Oral mucositis was a factor independently associated with weight loss in our multivariate model. A systematic literature review reported that 97% of HN cancer patients receiving conventional RT experienced oral mucositis (34% with grade 3 or 4) [38]. Managing oral complications can enhance patient’s nutritional status by decreasing the difficulties in eating and by enhancing the effectiveness of cancer therapy [39]. Strategies to prevent and to limit the extent of oral mucositis include both preventive and therapeutic oral care regimen [40, 41]. In HN cancer patients undergoing RT, amifostine and hydrolytic enzymes appear promising for both preventing and reducing the severity of mucositis [42].

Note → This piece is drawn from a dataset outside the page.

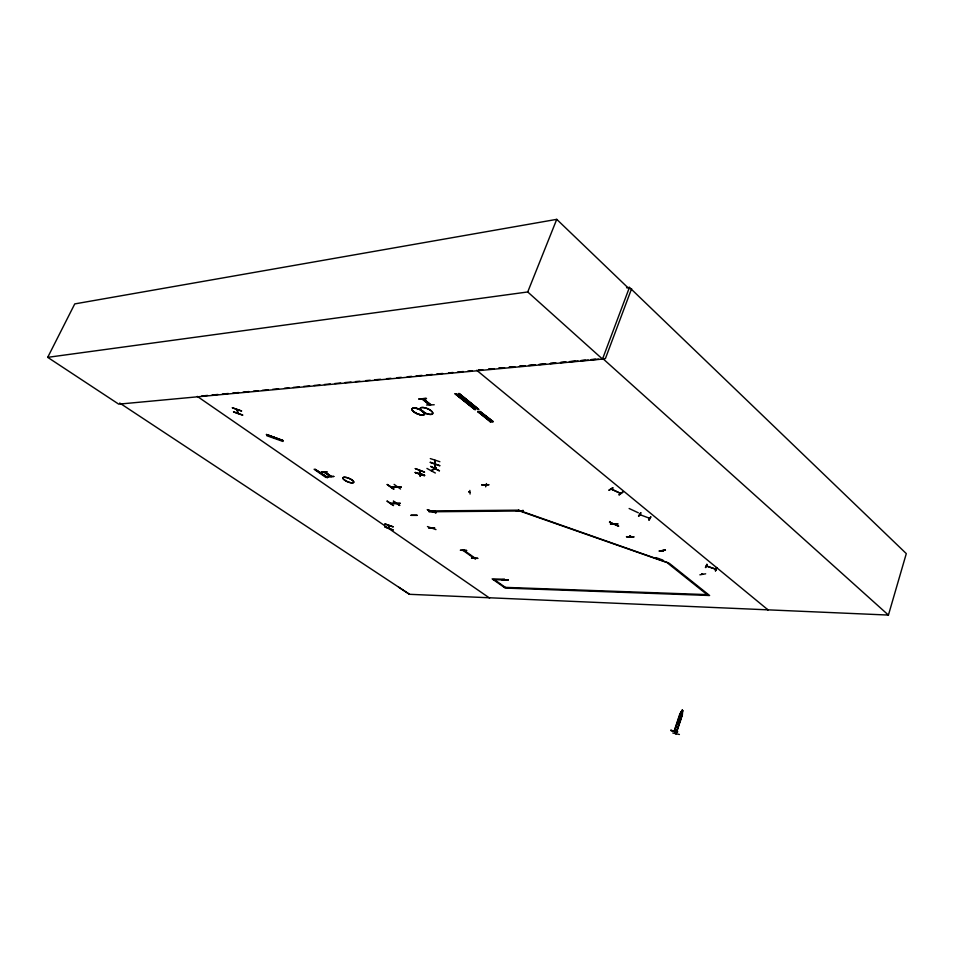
<?xml version="1.0" encoding="UTF-8"?>
<svg xmlns="http://www.w3.org/2000/svg" width="954" height="954" viewBox="0 0 954 954"><rect width="100%" height="100%" fill="white"/><g stroke="black" fill="none" stroke-linecap="round" stroke-linejoin="round"><path stroke-width="1.43" d="M420.13 472.779L420.177 476.416L420.177 472.886M420.201 474.746L421.203 475.08M427.38 509.77L436.157 512.894L427.38 509.603M427.452 526.56L435.978 529.601M430.302 458.588L439.866 461.724M431.613 511.32L431.148 511.07M435.358 468.688L435.227 465.373L435.155 469.177L434.344 468.712L435.191 468.092M434.738 463.537L435.215 464.049L434.797 460.52M435.334 467.472L436.157 467.627M415.169 472.492C426.688 475.259 428.918 477.549 415.169 472.492L424.435 475.784M415.3 468.581L424.59 472.135L415.336 468.629M430.29 462.213L439.77 465.576M419.605 473.852L419.677 470.429M420.094 470.549L420.058 473.995M674.442 731.396L676.136 733.745L682.432 714.606L682.11 713.032M237.761 413.058L238.285 413.511L237.152 409.671M501.995 579.615L508.065 579.829M502.198 579.829L508.267 579.972L502.198 579.758M516.174 510.95L522.875 510.652M522.971 510.247L523.102 510.915M435.107 511.463L428.859 511.487M435.358 511.69L428.751 511.487L435 511.451M466.721 550.565L460.317 550.243L466.506 550.363M426.581 405.021L434.225 404.758M333.864 476.44L327.961 476.666L333.769 476.475M242.626 415.121L233.48 411.889L242.686 415.038M468.855 491.93L469.69 492.216M469.571 492.181L468.867 491.775M469.833 490.428L470.072 494.053M430.958 404.675L423.409 398.939M400.525 489.032L394.121 484.382M486.445 483.547L485.646 486.862M331.515 476.523L324.706 471.86L331.193 476.559M385.011 526.954L393.298 530.054L385.022 527.085M672.785 733.006L679.403 734.485M626.468 536.661L634.1 536.899L626.563 536.899M638.321 512.799L629.127 508.494M439.734 465.826L430.254 462.463M410.971 515.208L417.029 515.184M678.831 718.076L678.222 720.485L679.665 722.393C681.681 717.193 679.32 725.779 678.33 720.449M266.715 435.68L283.028 441.463M266.5 434.797L282.801 440.676L266.512 434.487M439.484 470.716L430.624 466.375L439.269 470.871M236.842 409.6L237.892 413.452M398.593 587.139L409.504 594.306L888.424 615.068L906.3 553.606L629.449 287.392L626.551 287.774M705.376 567.499L706.914 564.422M705.853 567.57L706.89 564.279M670.865 730.502L677.698 731.742L670.793 730.335M680.011 713.449L674.108 731.324L675.897 733.686L681.824 715.691M681.526 712.316L682.325 710.05L682.909 710.861L682.193 714.224L675.849 733.65M682.325 710.158L679.725 716.74L679.987 719.65L680.846 718.302M675.706 733.459L676.386 733.089L674.693 731.134M716.585 567.547L715.536 570.85M717.014 567.749L715.381 570.874L716.621 567.57M629.723 536.577C631.357 534.109 629.366 538.318 630.189 535.921M629.998 536.553L630.367 535.719M630.26 536.768L630.57 535.886M609.892 521.516L609.511 522.148L618.681 526.059M612.17 489.557L612.528 488.52M612.301 489.462L612.528 488.818M388.791 525.475L388.982 528.361M628.96 288.692L556.742 219.348L74.758 303.909L47.7 357.345L118.725 404.15L602.511 359.086L629.449 287.392M631.62 288.657L605.42 358.537L603.023 358.752M463.465 550.303L462.607 549.838L463.25 550.291M47.7 357.345L527.729 291.96L556.742 219.348M435.024 468.08L435.107 468.796L435.143 467.698M435.155 468.068L434.857 468.939M618.478 526.25L609.558 522.065M393.12 526.882L384.748 523.865L393.108 526.775M614.352 523.77L614.412 524.378M435.346 473.017L426.939 468.438M241.541 411.007L232.347 407.728M431.065 470.572L434.714 468.557M232.418 407.883L241.565 410.983M400.167 503.342L394.109 503.438L400.358 503.354M638.965 516.245L641.028 512.858M638.5 515.995L640.575 512.751M389.339 528.492L389.16 525.642M648.792 517.927L649.447 518.404M648.756 519.942L650.89 516.686L649.185 520.18M323.955 471.932L330.549 476.463L323.704 471.956M387.217 484.549L393.954 489.056L387.551 484.56M386.954 501.172L393.525 505.584L387.288 501.053M422.109 399.034L429.324 404.794M431.685 527.979L432.257 528.361M681.192 711.767L674.299 731.551L680.774 712.209L681.538 712.221M477.572 558.257L471.491 558.138L477.859 558.388M659.214 551.054L665.427 550.16L659.274 551.007M659.631 551.15L665.391 550.041M488.925 484.823L481.687 484.811M282.873 440.366L266.44 434.511L282.789 440.665M401.145 487.017L394.908 487.148M394.586 486.981L401.181 487.136L390.866 486.957M426.521 398.641L419.2 399.13M321.367 471.98L327.198 471.884L321.403 472.099M325.982 477.501L314.104 469.261M327.186 477.489L315.094 469.344L327.639 477.572L326.972 477.596M477.799 411.603L491.227 421.823L490.332 421.871M479.886 411.448L493.29 421.704L480.053 411.436M455.13 393.752L474.663 409.528M458.242 393.549L477.775 409.361M458.993 393.489L478.526 409.314M455.201 393.752L475.414 409.493M478.61 409.302L459.077 393.489M396.59 486.886L390.651 486.755L391.498 486.957M390.305 503.307L396.339 503.247M396.554 503.438L390.603 503.485M608.831 490.141L613.028 487.661L609.248 490.261M618.907 494.768L622.998 492.252M328.104 474.472L327.747 474.543M425.889 401.682L426.355 401.574M429.646 404.723L422.467 398.939L429.717 404.782M315.106 469.368L327.544 477.465M490.368 421.895L477.847 411.568M492.741 421.763L479.564 411.472L492.717 421.751M478.717 409.528L459.184 393.704M485.383 485.157L484.715 484.751L486.039 485.598M706.413 566.02L715.941 569.18M715.87 569.299L706.544 566.044M431.482 470.739L435.096 468.7M662.708 550.756L663.34 551.114M702.418 574.248L701.774 573.867L702.8 574.296M699.878 574.821L705.662 573.807M436.121 467.758L435.406 467.341M420.368 474.651L421.108 475.044M201.711 395.982L207.626 395.421M212.062 395.004L217.977 394.455M222.413 394.038L228.328 393.489M232.764 393.072L238.679 392.523M243.115 392.106L249.018 391.557M253.454 391.14L257.89 390.723M262.326 390.317L268.241 389.757M272.677 389.339L278.592 388.791M284.507 388.242L288.943 387.825M293.379 387.407L299.282 386.859M303.718 386.442L309.633 385.893M314.069 385.476L319.984 384.927M324.42 384.51L330.334 383.949M334.771 383.544L340.685 382.983M345.121 382.578L351.024 382.017M355.46 381.612L359.897 381.195M365.811 380.634L370.247 380.229M374.683 379.811L380.598 379.263M386.513 378.702L390.949 378.285M396.852 377.736L401.288 377.319M407.203 376.77L411.639 376.353M416.075 375.936L421.99 375.387M426.426 374.97L432.341 374.421M436.777 374.004L442.692 373.455M448.595 372.907L453.031 372.489M457.467 372.072L463.382 371.523M467.818 371.106L472.254 370.689M482.617 369.723L478.169 370.14L482.569 369.735M492.979 368.757L488.543 369.162L494.315 368.673M498.906 368.196L503.354 367.779M509.281 367.23L513.717 366.813M519.644 366.264L524.092 365.847M528.528 365.43L534.455 364.881M538.867 364.464L544.674 363.915M550.482 363.379L554.834 362.973M560.642 362.425L564.995 362.019M569.359 361.614L575.155 361.077M580.962 360.529L585.315 360.123M591.122 359.575L595.487 359.169M498.727 368.268L504.594 367.731M509.007 367.326L514.886 366.789M519.286 366.396L525.165 365.859M529.577 365.454L535.456 364.917M539.857 364.511L545.736 363.975M550.136 363.581L556.015 363.045M560.427 362.639L566.306 362.103M570.707 361.697L578.052 361.029M580.986 360.767L588.332 360.087M591.277 359.825L598.623 359.157M611.252 488.973L620.672 493.373M327.425 474.019L327.675 474.114M481.627 484.847L488.627 484.668M393.608 489.175L387.252 484.513M518.785 510.163L431.232 510.903L432.436 511.773L519.68 510.986L669.446 563.42L709.609 595.499L505.25 588.069L492.157 578.875L504.153 579.257L505.226 580.008L493.23 579.627M411.091 515.363L417.136 515.387M428.608 527.765L434.738 527.908L428.668 527.872M474.818 558.507L475.581 558.877L474.722 558.436M504.189 587.33L707.129 594.616M620.41 493.421L611.299 489.175M434.905 460.222L434.726 463.859M663.149 551.197L662.553 550.852M682.837 710.849L682.253 710.038M682.492 713.556L681.144 711.66M670.769 730.347L677.495 731.945M519.119 510.652L518.463 510.163L668.241 562.788L667.991 563.385L708.166 595.451M431.303 510.974L431.923 511.38M504.642 579.638L504.189 579.293M640.838 515.041L640.146 514.802M655.887 557.601L662.899 560.081M435.251 465.516L435.048 469.07M420.654 473.733L424.602 475.223M426.355 402.135L427.165 402.075M455.285 393.954L475.164 409.707M701.858 573.891L702.728 574.248M649.746 518.344L639.967 514.683M119.715 403.041L409.504 594.306M197.287 396.387L489.605 598.075M494.387 579.662L505.346 587.378M423.278 399.01L430.54 404.723M478.169 411.424L491.107 421.704M477.68 411.448L490.893 421.847M458.397 393.74L478.204 409.528M456.036 393.895L475.486 409.481M767.529 609.475L768.089 609.94L476.69 370.271M602.737 358.489L888.424 615.068M527.729 291.96L602.511 359.086M619.265 494.935L622.58 491.966M674.454 731.086L675.861 732.958M399.654 505.429L393.322 501.1L399.666 505.477M681.359 713.067L680.011 717.146L680.56 717.897L681.907 713.819L681.359 713.067M617.846 523.937L610.333 523.925L617.87 523.937M426.188 398.414L418.794 398.987L426.211 398.426M463.942 550.267L462.762 550.243L474.293 558.4L475.462 558.424L463.942 550.267M421.99 411.257A6.809 2.504 22.7 0 0 432.627 413.821A6.809 2.504 22.7 0 0 424.864 407.787A6.809 2.504 22.7 0 0 421.99 411.257A6.785 2.504 22.7 0 0 432.603 413.821A6.785 2.504 22.7 0 0 424.852 407.799A6.785 2.504 22.7 0 0 422.002 411.269M344.656 480.16A5.867 1.848 22.8 0 0 353.66 482.462A5.867 1.848 22.8 0 0 346.672 477.549A5.879 1.848 22.8 0 0 344.644 480.172A5.879 1.848 22.8 0 0 353.672 482.486A5.879 1.848 22.8 0 0 346.672 477.56A5.867 1.848 22.8 0 0 344.656 480.16M413.881 411.83A6.785 2.48 22.8 0 0 424.458 414.382A6.785 2.48 22.8 0 0 416.683 408.36A6.785 2.48 22.8 0 0 413.881 411.83A6.761 2.468 22.8 0 0 424.423 414.394A6.761 2.468 22.8 0 0 416.683 408.395A6.797 2.492 22.8 0 0 413.857 411.854A6.797 2.492 22.8 0 0 424.458 414.406A6.797 2.492 22.8 0 0 416.671 408.384A6.761 2.468 22.8 0 0 413.881 411.854"/></g></svg>

Our study showed an inverse association between weight loss and total dietary energy intake during RT, while adjustment was done for oral mucositis and digestive symptoms. In our study, we were not able to evaluate the effect of total energy intake provided by both the diet and the nutritional interventions because patients with higher levels of weight loss received nutritional supplements for that very reason. This also hampered the evaluation of the effect of other nutrients, such as omega 3, provided by supplements. In a recent literature review considering ten randomized controlled trials, Garg concluded that nutritional status in HN cancer patients receiving RT appeared to be maintained or improved with dietary counseling, megestrol acetate, and prophylactic enteral tube feeding [13]. For nutritional supplements, the data are more conflicting and further research will be necessary to know their real impact on weight loss. A systematic review reported the results of clinical trials evaluating the advantage of using of n-3 fatty acids in patients with cancer [43]. Oral supplements with n-3 fatty acids benefit patients with advanced cancer and weight loss, and are indicated in tumors of the upper digestive tract and pancreas. Increased weight and appetite were observed. One promising avenue would be to explore whether n-3 fatty acids would improve nutritional status during radiation therapy in HN cancer patients.

Conclusion

The importance of weight loss in advanced HN cancer patients undergoing RT has long been recognized. However, in early HN cancer stages, this phenomenon is less described and consequently the nutritional management is not well defined. Dietary energy intake during RT and adverse effects of RT contributed to better explain weight loss during RT. These results underline the importance of maintaining energy intake in early stage HN cancer patients during RT using several modalities of interventions. Further phase III clinical trials are needed to better define preventive and supportive strategies in patients with early HN cancer.